Morning Call Sheet: New Bond Villain, an Apple-less Cloud, Hackman Un-Retires?, and Tony Bennett Begs for Eye-Bleach

by John Nolte

JAVIER BARDEM IS BOND 23′S VILLAIN

This is good news. Bardem is a larger-than-life presence on the screen and Bond could use some larger-than-lifeness — especially if all that larger-than-lifeness is filmed on a tripod.

GENE HACKMAN TO COME OUT OF RETIREMENT?

Somewhere around 1983, Gene Hackman became my favorite living actor and remained so until his 2004 retirement (Michael Caine now owns that spot). Last I heard, The Mighty Gene Hackman is loving life somewhere in Arizona, where at the age of 81 he paints and writes.

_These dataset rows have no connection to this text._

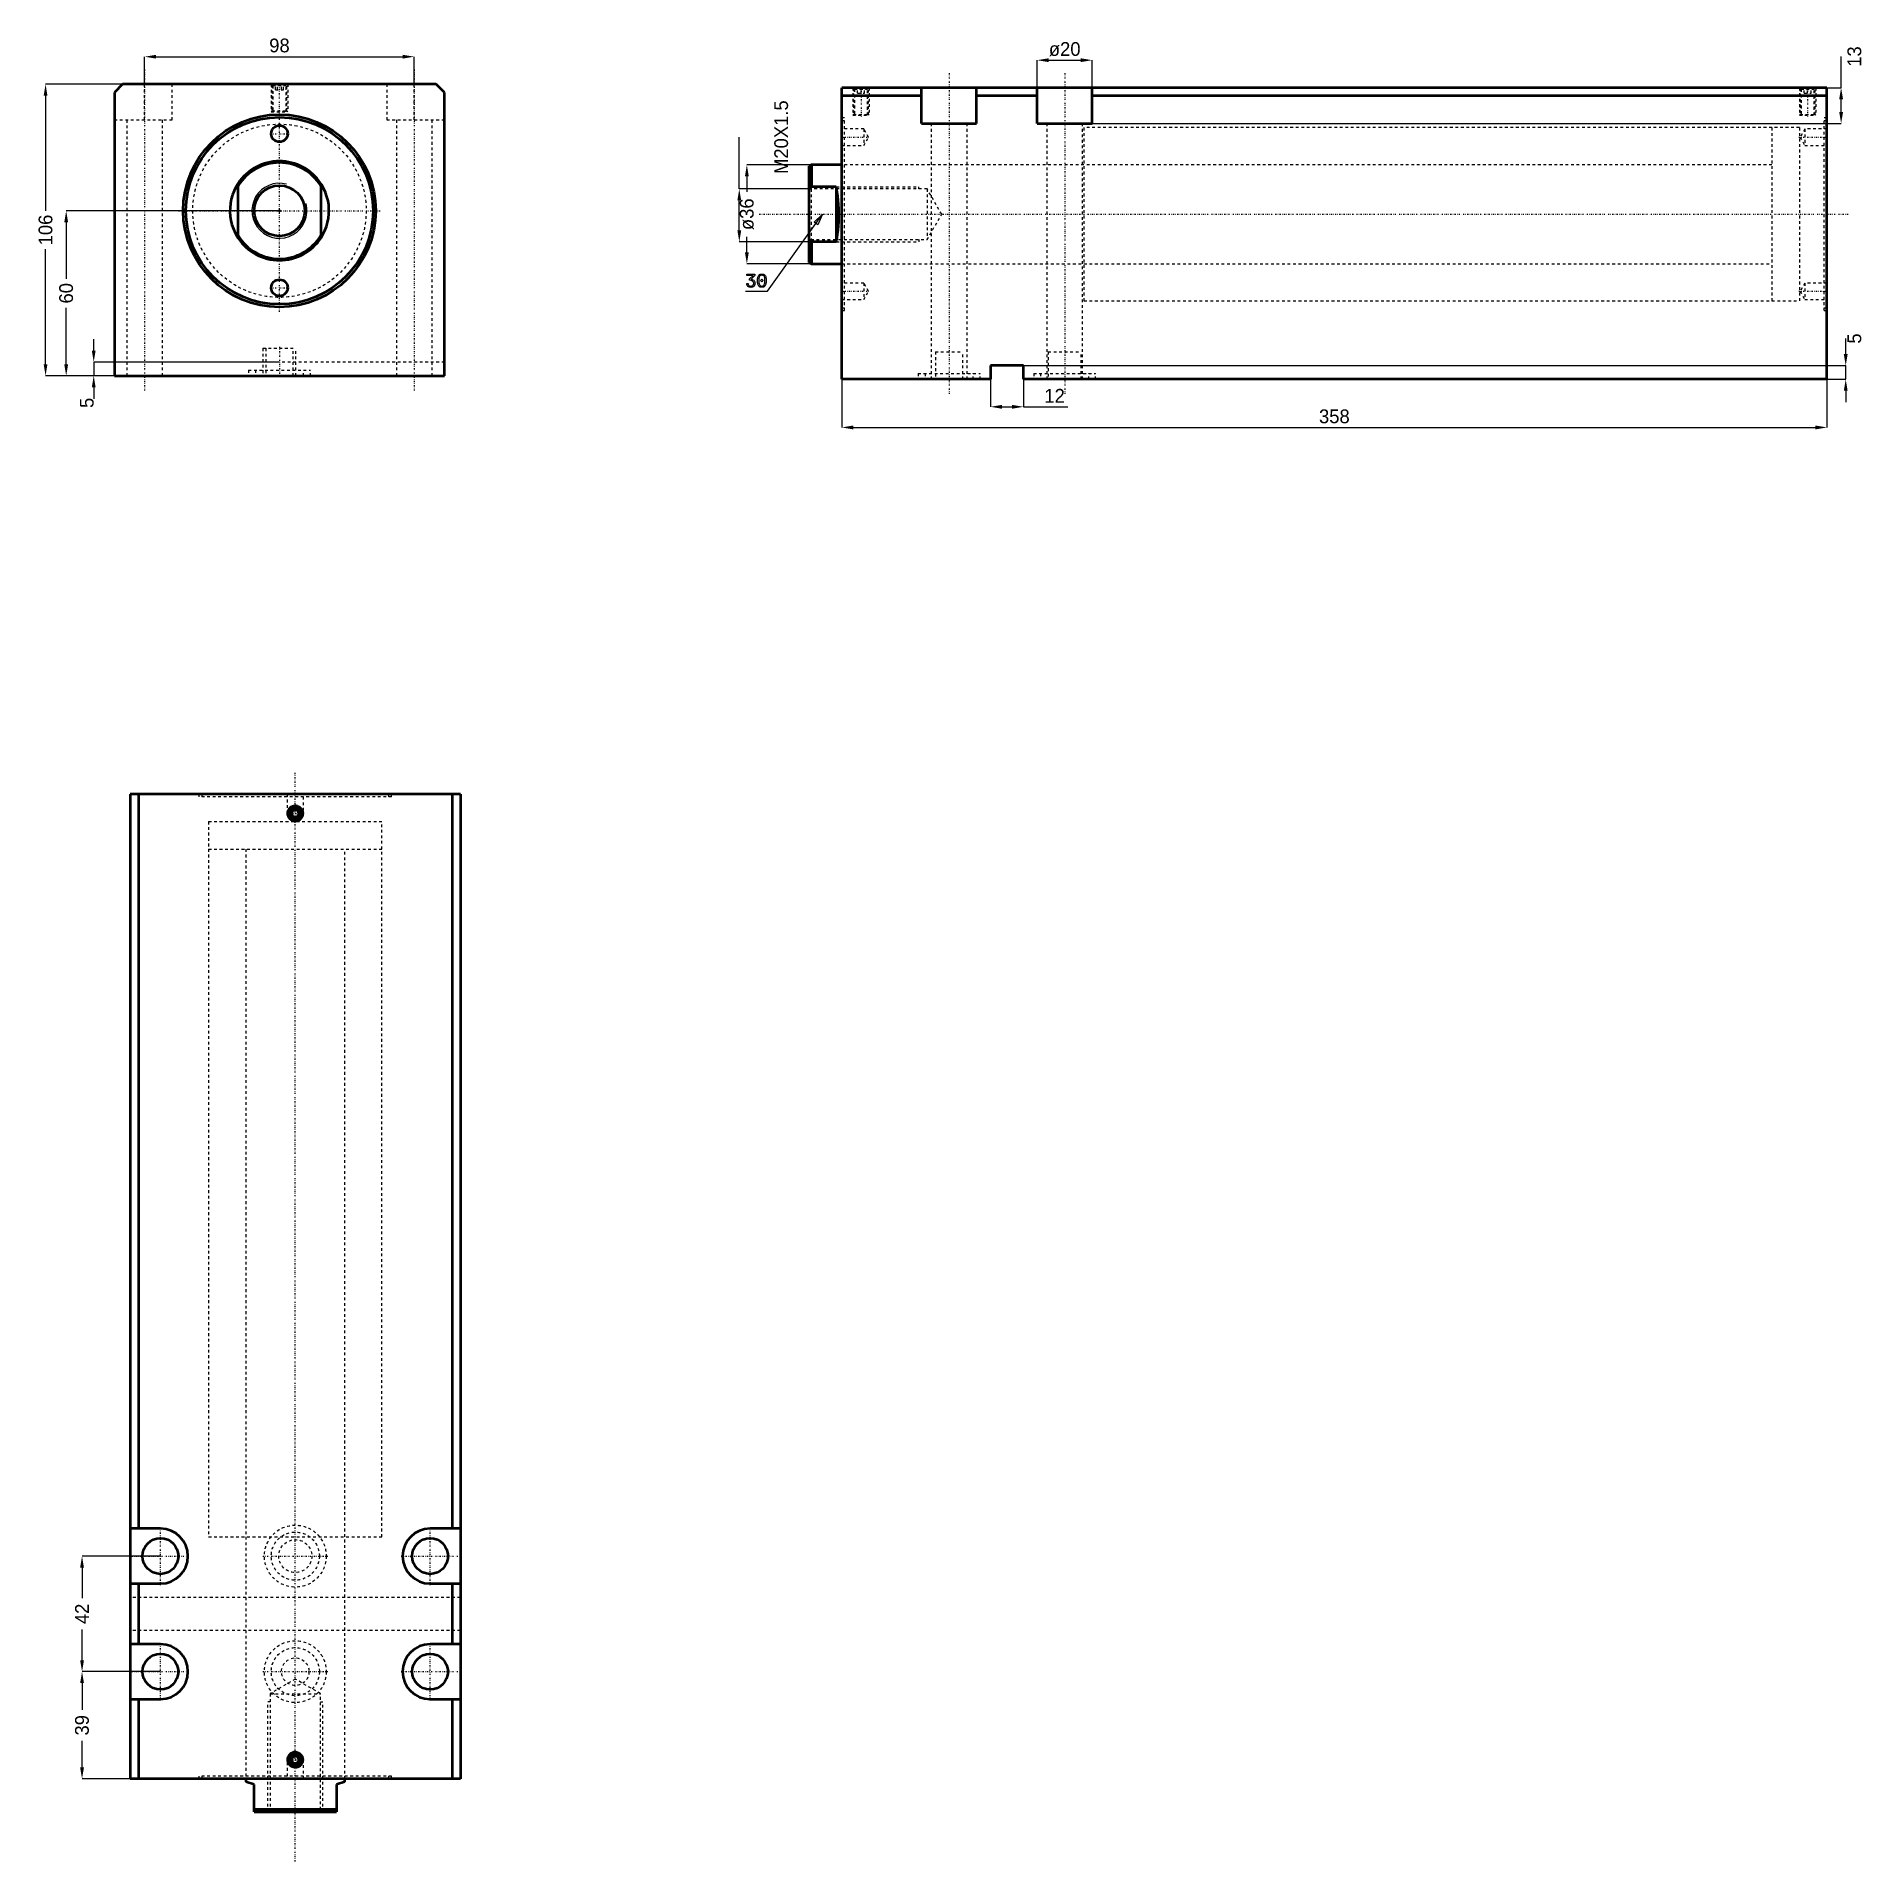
# Model space of a CAD drawing. Header units: millimetres. Extents: x -88 to 576, y -600 to 63.
import ezdxf

# ---------------------------------------------------------------- set-up
doc = ezdxf.new("R2010")
doc.units = ezdxf.units.MM
doc.linetypes.add('Center', pattern=[1.5, 0.45, -0.5, 0.05, -0.5])
doc.linetypes.add('Dashed', pattern=[2, 1, -1])
for name, color, linetype, lineweight in [('2d ConnectionPoints', 7, 'Continuous', 50), ('AM_0', 7, 'Continuous', 50), ('AM_5', 3, 'Continuous', 25), ('AM_7', 7, 'Center', 25), ('AM_9', 6, 'Dashed', 25)]:
    doc.layers.add(name, color=color, linetype=linetype, lineweight=lineweight)
doc.dimstyles.new('ISO-25', dxfattribs={"dimtxt": 2.5, "dimasz": 2.5, "dimexe": 1.25, "dimexo": 0.625, "dimtad": 1, "dimtxsty": 'Standard', "dimcen": 2.5, "dimadec": 0, "dimazin": 0, "dimtfac": 1, "dimtmove": 0, "dimatfit": 3, "dimfxl": 0, "dimarcsym": 0})

# ---------------------------------------------------------------- blocks, each defined once
blk = doc.blocks.new('1_JECX_MF_INLA_63_250_0_rod__0_in_JECX_MF_160_INLA_63_250_0__0')
at = {"layer": 'AM_0'}
for p, q in [((-15, -9.95), (-15, 9.95)), ((15, 9.95), (15, -9.95))]:
    blk.add_line(p, q, dxfattribs=at)
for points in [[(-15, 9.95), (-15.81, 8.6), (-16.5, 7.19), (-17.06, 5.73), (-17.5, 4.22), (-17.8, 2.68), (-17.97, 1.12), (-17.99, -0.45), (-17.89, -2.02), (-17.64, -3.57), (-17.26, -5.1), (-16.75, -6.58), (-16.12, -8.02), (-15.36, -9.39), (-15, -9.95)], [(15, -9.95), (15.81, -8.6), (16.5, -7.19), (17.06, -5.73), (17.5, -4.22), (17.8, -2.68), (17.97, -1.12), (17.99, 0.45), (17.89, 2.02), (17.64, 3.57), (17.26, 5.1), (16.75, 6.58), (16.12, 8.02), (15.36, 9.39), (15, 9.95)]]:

I’d like to– No, I want to always remember Hackman as the epitome of everyday masculinity that he portrayed so brilliantly in every film regardless of the role. I don’t want to see him old and frail. Today he might be as strong and vibrant as Robert Duvall is at the age of 80, but if he’s not I don’t want to know about it.

This is why I refuse to see “Ragtime.” I simply cannot bear the thought of The Mighty Jimmy Cagney as an old man and won’t put myself through it.

TARANTINO CASTS DON JOHNSON AS PLANTATION OWNER PIMP IN ‘DJANGO’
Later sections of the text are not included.